Restaurant information
- Established: 1999; 27 years ago
- Closed: August 9, 2010
- Location: 3950 Las Vegas Blvd., Las Vegas, Clark County, Nevada, 89109, United States

= Rumjungle =

Restaurant and nightclub in Las Vegas, Nevada, US

Rumjungle was a popular Las Vegas restaurant and nightclub that was opened in 1999 and was built as a part of the Mandalay Bay Resort and Casino original construction. It consistently made the Nightclub & Bar Magazine list of the Top 100 nightclubs in the United States, and was in the Top 20 of Restaurant & Institutions Top 100 Grossing Restaurants in the United States.

==Menu==
It was the largest Brazilian (Churrascaria style) restaurant in the world, and had the largest rum list in the world; its rum bar was 144 feet long and 19 feet high.

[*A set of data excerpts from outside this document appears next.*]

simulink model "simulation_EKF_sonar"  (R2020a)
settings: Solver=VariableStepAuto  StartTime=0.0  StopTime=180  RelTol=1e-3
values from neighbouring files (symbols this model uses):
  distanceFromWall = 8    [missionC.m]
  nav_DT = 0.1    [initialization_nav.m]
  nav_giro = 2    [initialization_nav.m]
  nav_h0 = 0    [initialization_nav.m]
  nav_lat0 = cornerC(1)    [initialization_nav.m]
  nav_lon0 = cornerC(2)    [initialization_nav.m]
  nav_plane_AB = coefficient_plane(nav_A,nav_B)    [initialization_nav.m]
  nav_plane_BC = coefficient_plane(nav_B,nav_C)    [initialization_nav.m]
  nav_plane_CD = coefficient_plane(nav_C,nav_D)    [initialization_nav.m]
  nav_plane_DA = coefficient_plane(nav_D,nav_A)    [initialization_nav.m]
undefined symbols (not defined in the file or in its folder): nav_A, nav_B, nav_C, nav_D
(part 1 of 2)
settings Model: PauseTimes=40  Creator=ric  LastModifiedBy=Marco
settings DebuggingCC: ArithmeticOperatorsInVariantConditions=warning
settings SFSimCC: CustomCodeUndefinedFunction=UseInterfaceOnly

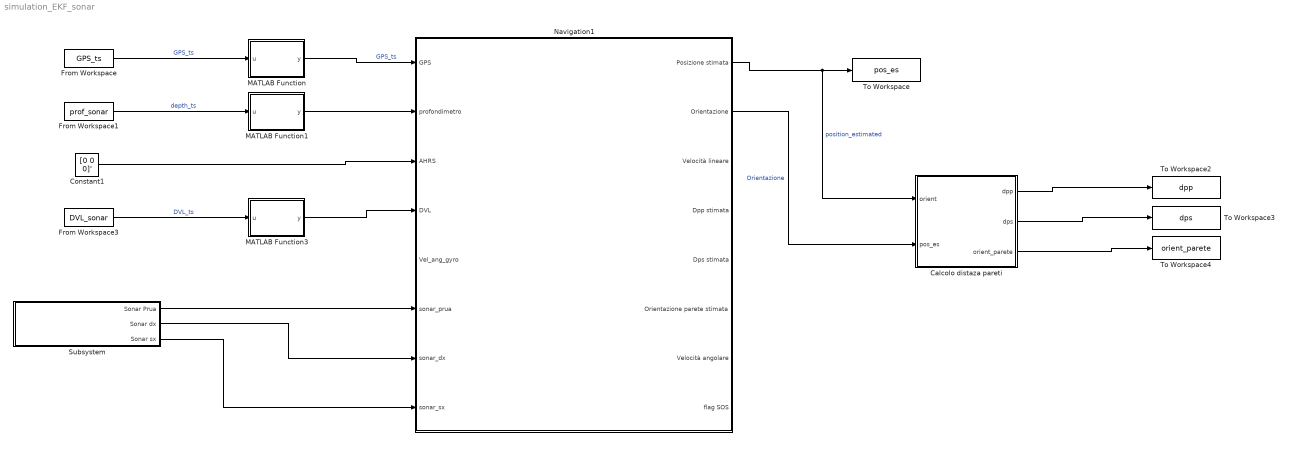
== system simulation_EKF_sonar ==
  Calcolo distaza pareti : Subsystem
  Constant1 : Constant  Value=[0 0 0]'
  From Workspace : FromWorkspace  VariableName=GPS_ts  OutputAfterFinalValue=Setting to zero
  From Workspace1 : FromWorkspace  VariableName=prof_sonar
  From Workspace3 : FromWorkspace  VariableName=DVL_sonar  SampleTime=0.1  Interpolate=off  OutputAfterFinalValue=Holding final value
  MATLAB Function : MATLAB Function  TreatAsAtomicUnit=on  SystemSampleTime=1
  MATLAB Function1 : MATLAB Function  TreatAsAtomicUnit=on  SystemSampleTime=nav_DT
  MATLAB Function3 : MATLAB Function  TreatAsAtomicUnit=on  SystemSampleTime=0.2
  Navigation1 : Subsystem
  Subsystem : Subsystem
  To Workspace : ToWorkspace  VariableName=pos_es  SaveFormat=Timeseries  SampleTime=-1
  To Workspace2 : ToWorkspace  VariableName=dpp  SaveFormat=Timeseries  SampleTime=-1
  To Workspace3 : ToWorkspace  VariableName=dps  SaveFormat=Timeseries  SampleTime=-1
  To Workspace4 : ToWorkspace  VariableName=orient_parete  SaveFormat=Timeseries  SampleTime=-1
  wires:
  Navigation1/1(Posizione stimata) -> Calcolo distaza pareti/1(orient), To Workspace/1  "position_estimated"
  Constant1/1 -> Navigation1/3(AHRS)
  From Workspace1/1 -> MATLAB Function1/1(u)  "depth_ts"
  From Workspace/1 -> MATLAB Function/1(u)  "GPS_ts"
  MATLAB Function/1(y) -> Navigation1/1(GPS)  "GPS_ts"
  MATLAB Function1/1(y) -> Navigation1/2(profondimetro)
  From Workspace3/1 -> MATLAB Function3/1(u)  "DVL_ts"
  MATLAB Function3/1(y) -> Navigation1/4(DVL)
  Calcolo distaza pareti/3(orient_parete) -> To Workspace4/1
  Calcolo distaza pareti/2(dps) -> To Workspace3/1
  Calcolo distaza pareti/1(dpp) -> To Workspace2/1
  Navigation1/2(Orientazione) -> Calcolo distaza pareti/2(pos_es)  "Orientazione"
  Subsystem/1(Sonar Prua) -> Navigation1/6(sonar_prua)
  Subsystem/2(Sonar dx) -> Navigation1/7(sonar_dx)
  Subsystem/3(Sonar sx) -> Navigation1/8(sonar_sx)

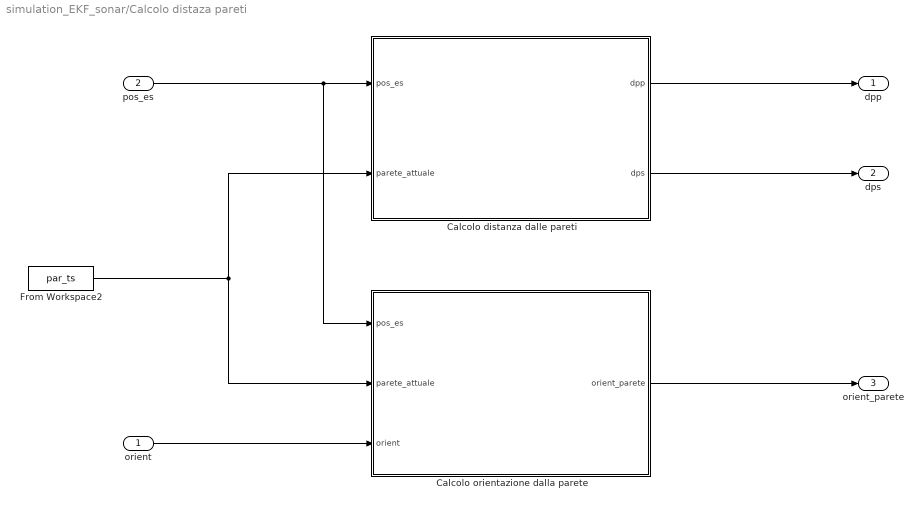
== system simulation_EKF_sonar/Calcolo distaza pareti ==
  orient : Inport
  pos_es : Inport  Port=2
  Calcolo distanza dalle pareti : MATLAB Function  TreatAsAtomicUnit=on
  Calcolo orientazione dalla parete : MATLAB Function  TreatAsAtomicUnit=on
  From Workspace2 : FromWorkspace  VariableName=par_ts  SampleTime=-1  Interpolate=off  OutputAfterFinalValue=Holding final value
  dpp : Outport
  dps : Outport  Port=2
  orient_parete : Outport  Port=3
  wires:
  pos_es/1 -> Calcolo distanza dalle pareti/1(pos_es), Calcolo orientazione dalla parete/1(pos_es)
  Calcolo distanza dalle pareti/2(dps) -> dps/1
  Calcolo orientazione dalla parete/1(orient_parete) -> orient_parete/1
  orient/1 -> Calcolo orientazione dalla parete/3(orient)
  Calcolo distanza dalle pareti/1(dpp) -> dpp/1
  From Workspace2/1 -> Calcolo distanza dalle pareti/2(parete_attuale), Calcolo orientazione dalla parete/2(parete_attuale)

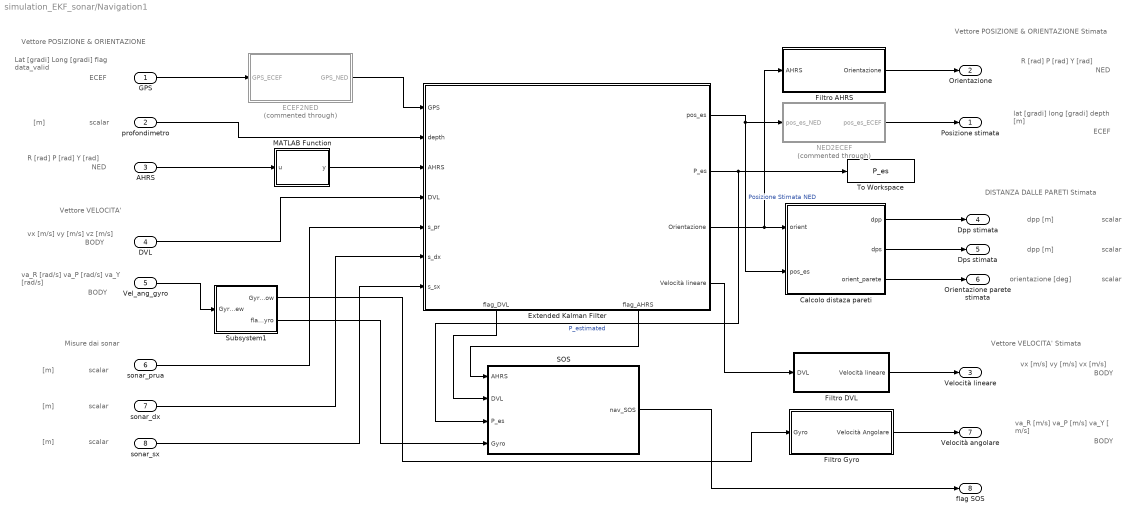
== system simulation_EKF_sonar/Navigation1 ==
  note: Vettore POSIZIONE & ORIENTAZIONE
  note: vx  [m/s]
      | vy  [m/s]
      | vx  [m/s]
  note: R [rad]
      | P [rad]
      | Y [rad]
  note: vx  [m/s]
      | vy  [m/s]
      | vz  [m/s]
  note: scalar
  note: dpp [m]
  note: [m]
  note: [m]
  note: NED
  note: ECEF
  note: lat  [gradi]
      | long  [gradi]
      | depth   [m]
  note: va_R [rad/s]
      | va_P [rad/s]
      | va_Y [rad/s]
  note: NED
  note: va_R  [m/s]
      | va_P  [m/s]
      | va_Y [ m/s]
  note: BODY
  note: [m]
  note: BODY
  note: Lat  [gradi]
      | Long  [gradi]
      | flag data_valid
  note: ECEF
  note: R  [rad]
      | P  [rad]
      | Y  [rad]
  note: scalar
  note: BODY
  note: scalar
  note: scalar
  note: scalar
  note: scalar
  note: BODY
  note: [m]
  note: Vettore POSIZIONE & ORIENTAZIONE Stimata
  note: Vettore VELOCITA'
  note: DISTANZA DALLE PARETI Stimata
  note: Vettore VELOCITA' Stimata
  note: Misure dai sonar
  note: dpp [m]
  note: orientazione [deg]
  note: scalar
  GPS : Inport  PortDimensions=[3 1]
  profondimetro : Inport  Port=2  PortDimensions=1
  AHRS : Inport  Port=3  PortDimensions=[3 1]
  DVL : Inport  Port=4  PortDimensions=[3 1]
  Vel_ang_gyro : Inport  Port=5  PortDimensions=[3 1]
  sonar_prua : Inport  Port=6  PortDimensions=1
  sonar_dx : Inport  Port=7  PortDimensions=1
  sonar_sx : Inport  Port=8  PortDimensions=1
  Calcolo distaza pareti : Subsystem
  ECEF2NED : MATLAB Function  Commented=through  TreatAsAtomicUnit=on
  Extended Kalman Filter : Subsystem  TreatAsAtomicUnit=on
      settings: PortSchema="{\"entries\":[{\"content\":{\"sides\":[{\"content\":{\"connectorIds\":[\"In1\",\"In2\",\"In3\",\"In4\",\"In5\",\"In6\",\"In7\"]},\"type\":\"ConnectorPlacement.EquallySpacedRectSide\",\"uuid\":\"6efb9e2f-1967-435d-aad2-c67622494962\"},{\"content\":{\"connectorIds\":[\"Out1\",\"Out2\",\"Out3\",\"Out4\"],\"side\":\"RIGHT\"},\"type\":\"ConnectorPlacement.EquallySpacedRectSide\",\"uuid\":\"5d440599-e5f4-4574-99d4-6d9cc77e4596\"},{\"content\":{\"connectorIds\":[],\"side\":\"TOP\"},\"type\":\"ConnectorPlacement.EquallySpacedRectSide\",\"uuid\":\"e0d22c43-2c21-4227-a86c-8df283eb1ae4\"},{\"content\":{\"connectorIds\":[\"Out5\",\"Out6\"],\"side\":\"BOTTOM\"},\"type\":\"ConnectorPlacement.EquallySpacedRectSide\",\"uuid\":\"41896585-0fc9-4602-a07e-e9095d372115\"}]},\"type\":\"ConnectorPlacement.EquallySpacedConnector\",\"uuid\":\"ab0dd08c-3370-41a0-86ce-fb501f6cd6e2\"}],\"packageUris\":[\"http://schema.mathworks.com/mf0/Connector/19700101\"],\"version\":\"1.0\"}"
  Filtro AHRS : Subsystem
  Filtro DVL : Subsystem
  Filtro Gyro : Subsystem
  MATLAB Function : MATLAB Function  TreatAsAtomicUnit=on
  NED2ECEF : MATLAB Function  Commented=through  TreatAsAtomicUnit=on
  SOS : Subsystem
  Subsystem1 : Subsystem
  To Workspace : ToWorkspace  VariableName=P_es  SaveFormat=Timeseries  SampleTime=-1
  Posizione stimata : Outport  PortDimensions=[3 1]
  Orientazione : Outport  Port=2  PortDimensions=[3 1]
  Velocità lineare : Outport  Port=3  PortDimensions=[3 1]
  Dpp stimata : Outport  Port=4  PortDimensions=1
  Dps stimata : Outport  Port=5  PortDimensions=1
  Orientazione parete stimata : Outport  Port=6  PortDimensions=1
  Velocità angolare : Outport  Port=7  PortDimensions=[3 1]
  flag SOS : Outport  Port=8  PortDimensions=1
  wires:
  profondimetro/1 -> Extended Kalman Filter/2(depth)
  sonar_prua/1 -> Extended Kalman Filter/5(s_pr)
  sonar_dx/1 -> Extended Kalman Filter/6(s_dx)
  sonar_sx/1 -> Extended Kalman Filter/7(s_sx)
  Extended Kalman Filter/1(pos_es) -> Calcolo distaza pareti/2(pos_es), NED2ECEF/1(pos_es_NED)  "Posizione Stimata NED"
  Calcolo distaza pareti/1(dpp) -> Dpp stimata/1
  Calcolo distaza pareti/2(dps) -> Dps stimata/1
  NED2ECEF/1(pos_es_ECEF) -> Posizione stimata/1
  GPS/1 -> ECEF2NED/1(GPS_ECEF)
  ECEF2NED/1(GPS_NED) -> Extended Kalman Filter/1(GPS)
  Calcolo distaza pareti/3(orient_parete) -> Orientazione parete stimata/1
  Extended Kalman Filter/2(P_es) -> SOS/3(P_es), To Workspace/1  "P_estimated"
  AHRS/1 -> MATLAB Function/1(u)
  DVL/1 -> Extended Kalman Filter/4(DVL)
  Filtro DVL/1(Velocità lineare) -> Velocità lineare/1
  Filtro AHRS/1(Orientazione) -> Orientazione/1
  Filtro Gyro/1(Velocità Angolare) -> Velocità angolare/1
  MATLAB Function/1(y) -> Extended Kalman Filter/3(AHRS)
  Extended Kalman Filter/3(Orientazione) -> Filtro AHRS/1(AHRS), Calcolo distaza pareti/1(orient)
  Extended Kalman Filter/4(Velocità lineare) -> Filtro DVL/1(DVL)
  Vel_ang_gyro/1 -> Subsystem1/1(Gyro_new)
  Subsystem1/1(Gyro_now) -> Filtro Gyro/1(Gyro)
  Extended Kalman Filter/5(flag_DVL) -> SOS/2(DVL)
  Extended Kalman Filter/6(flag_AHRS) -> SOS/1(AHRS)
  Subsystem1/2(flag_Gyro) -> SOS/4(Gyro)
  SOS/1(nav_SOS) -> flag SOS/1

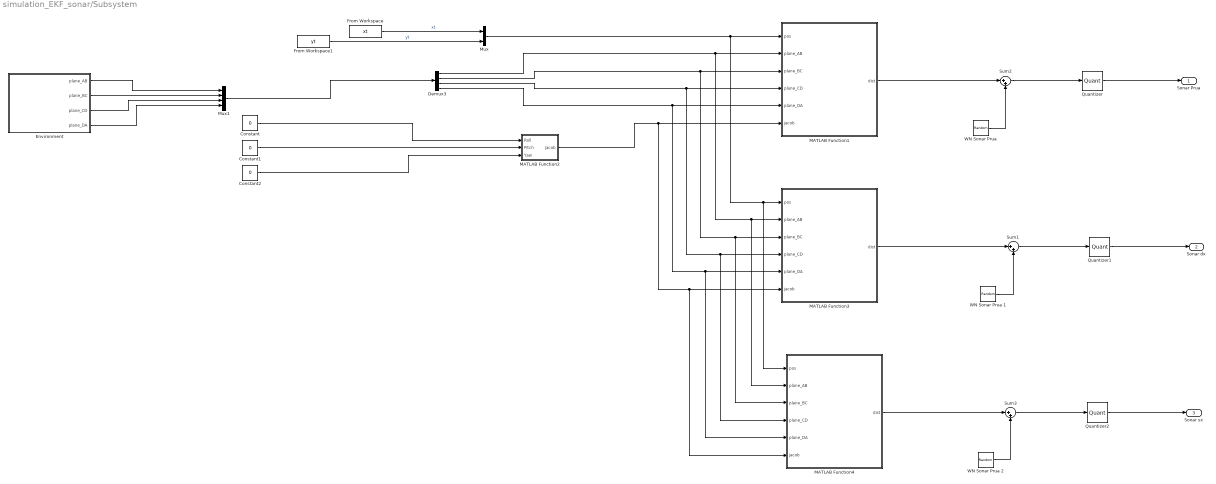
== system simulation_EKF_sonar/Subsystem ==
  " WN Sonar Prua " : RandomNumber  Variance=0.05  Seed=1234  SampleTime=0.5
  " WN Sonar Prua 1" : RandomNumber  Variance=0.05  Seed=1234  SampleTime=0.5
  " WN Sonar Prua 2" : RandomNumber  Variance=0.05  Seed=1234  SampleTime=0.5
  Constant : Constant  Value=0
  Constant1 : Constant  Value=0
  Constant2 : Constant  Value=0
  Demux3 : Demux
  Environment : MATLAB Function  TreatAsAtomicUnit=on
  From Workspace : FromWorkspace  VariableName=xt  SampleTime=0.1
  From Workspace1 : FromWorkspace  VariableName=yt  SampleTime=0.1
  MATLAB Function1 : MATLAB Function  TreatAsAtomicUnit=on  SystemSampleTime=1
  MATLAB Function2 : MATLAB Function  TreatAsAtomicUnit=on
  MATLAB Function3 : MATLAB Function  TreatAsAtomicUnit=on  SystemSampleTime=1
  MATLAB Function4 : MATLAB Function  TreatAsAtomicUnit=on  SystemSampleTime=1
  Mux : Mux  Inputs=2
  Mux1 : Mux
  Quantizer : Quantizer  QuantizationInterval=0.02  LinearizeAsGain=off
  Quantizer1 : Quantizer  QuantizationInterval=0.02  LinearizeAsGain=off
  Quantizer2 : Quantizer  QuantizationInterval=0.02  LinearizeAsGain=off
  Sum1 : Sum  Inputs=|++
  Sum2 : Sum  Inputs=|++
  Sum3 : Sum  Inputs=|++
  Sonar Prua : Outport
  Sonar dx : Outport  Port=2
  Sonar sx : Outport  Port=3
  wires:
  Mux1/1 -> Demux3/1
  MATLAB Function1/1(dist) -> Sum2/1
  Environment/1(plane_AB) -> Mux1/1
  Demux3/4 -> MATLAB Function4/5(plane_DA), MATLAB Function3/5(plane_DA), MATLAB Function1/5(plane_DA)
  Environment/4(plane_DA) -> Mux1/4
  Environment/3(plane_CD) -> Mux1/3
  Environment/2(plane_BC) -> Mux1/2
  Constant1/1 -> MATLAB Function2/2(Pitch)
  MATLAB Function2/1(jacob) -> MATLAB Function4/6(jacob), MATLAB Function3/6(jacob), MATLAB Function1/6(jacob)
  Demux3/2 -> MATLAB Function4/3(plane_BC), MATLAB Function3/3(plane_BC), MATLAB Function1/3(plane_BC)
  " WN Sonar Prua "/1 -> Sum2/2
  Constant/1 -> MATLAB Function2/1(Roll)
  Demux3/1 -> MATLAB Function4/2(plane_AB), MATLAB Function3/2(plane_AB), MATLAB Function1/2(plane_AB)
  Sum2/1 -> Quantizer/1
  Mux/1 -> MATLAB Function4/1(pos), MATLAB Function3/1(pos), MATLAB Function1/1(pos)
  Demux3/3 -> MATLAB Function4/4(plane_CD), MATLAB Function3/4(plane_CD), MATLAB Function1/4(plane_CD)
  Constant2/1 -> MATLAB Function2/3(Yaw)
  From Workspace/1 -> Mux/1  "xt"
  From Workspace1/1 -> Mux/2  "yt"
  Quantizer/1 -> Sonar Prua/1
  " WN Sonar Prua 1"/1 -> Sum1/2
  Sum1/1 -> Quantizer1/1
  Quantizer1/1 -> Sonar dx/1
  MATLAB Function3/1(dist) -> Sum1/1
  " WN Sonar Prua 2"/1 -> Sum3/2
  Sum3/1 -> Quantizer2/1
  Quantizer2/1 -> Sonar sx/1
  MATLAB Function4/1(dist) -> Sum3/1

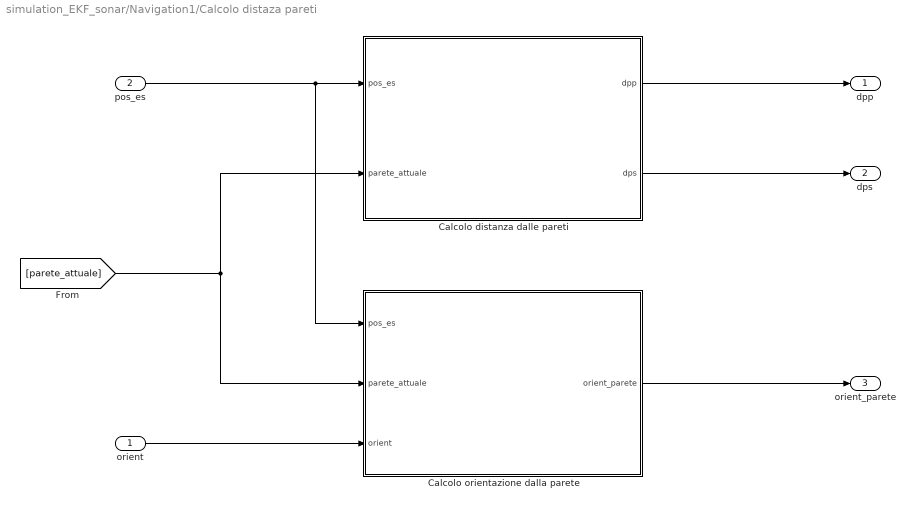
== system simulation_EKF_sonar/Navigation1/Calcolo distaza pareti ==
  orient : Inport
  pos_es : Inport  Port=2
  Calcolo distanza dalle pareti : MATLAB Function  TreatAsAtomicUnit=on
  Calcolo orientazione dalla parete : MATLAB Function  TreatAsAtomicUnit=on
  dpp : Outport
  dps : Outport  Port=2
  orient_parete : Outport  Port=3
  wires:
  pos_es/1 -> Calcolo distanza dalle pareti/1(pos_es), Calcolo orientazione dalla parete/1(pos_es)
  Calcolo distanza dalle pareti/2(dps) -> dps/1
  Calcolo orientazione dalla parete/1(orient_parete) -> orient_parete/1
  orient/1 -> Calcolo orientazione dalla parete/3(orient)
  Calcolo distanza dalle pareti/1(dpp) -> dpp/1
  [parete_attuale] -> Calcolo distanza dalle pareti/2(parete_attuale), Calcolo orientazione dalla parete/2(parete_attuale)

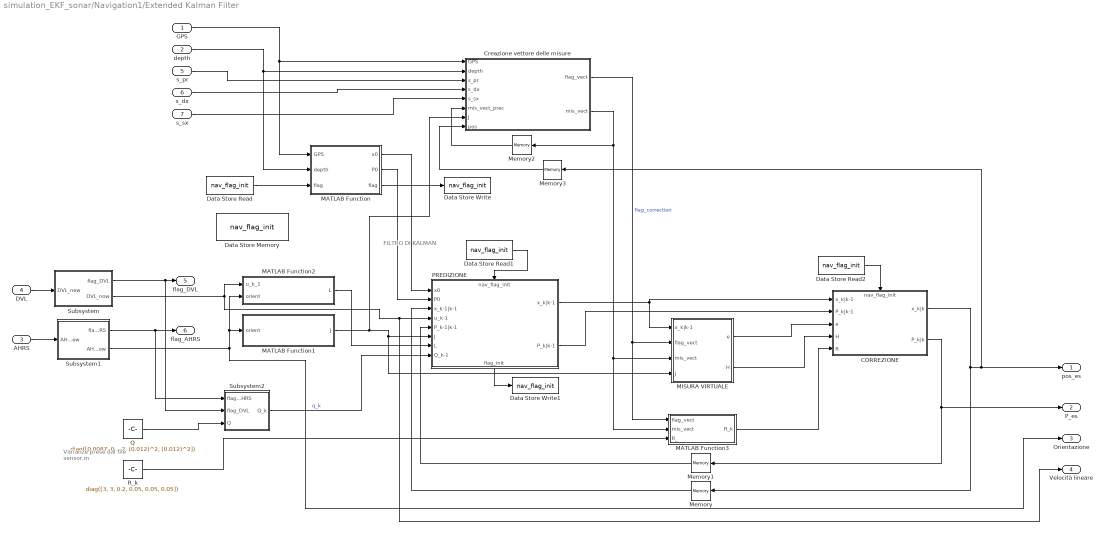
== system simulation_EKF_sonar/Navigation1/Extended Kalman Filter ==
  note: FILTRO DI KALMAN
  note: Varianze prese
      | dal file sensor.m
  GPS : Inport
  depth : Inport  Port=2
  AHRS : Inport  Port=3
  DVL : Inport  Port=4
  s_pr : Inport  Port=5
  s_dx : Inport  Port=6
  s_sx : Inport  Port=7
  CORREZIONE : Subsystem
      settings: PortSchema="{\"entries\":[{\"content\":{\"sides\":[{\"content\":{\"connectorIds\":[\"In1\",\"In2\",\"In3\",\"In4\",\"In5\"]},\"type\":\"ConnectorPlacement.EquallySpacedRectSide\",\"uuid\":\"44d4b6e6-a4db-4e12-b0bf-41ec8347b107\"},{\"content\":{\"connectorIds\":[\"Out1\",\"Out2\"],\"side\":\"RIGHT\"},\"type\":\"ConnectorPlacement.EquallySpacedRectSide\",\"uuid\":\"9e6d7b97-2a84-49ec-a092-e75c60e4106f\"},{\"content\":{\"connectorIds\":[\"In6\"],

The menu also contained culinary influences from the Caribbean and Africa.

==Interior==
Sheets of glass with running water were used to divide the space between sections of the club. At the rear was a generous dancefloor with the DJ and Drummer platforms close by. The interior was designed by Jeffrey Beers International. Purchase of dinner allowed guests to skip the line and cover charge in the back dancefloor area.

==Closure==
Rumjungle filed for bankruptcy in March 2010 and has since closed.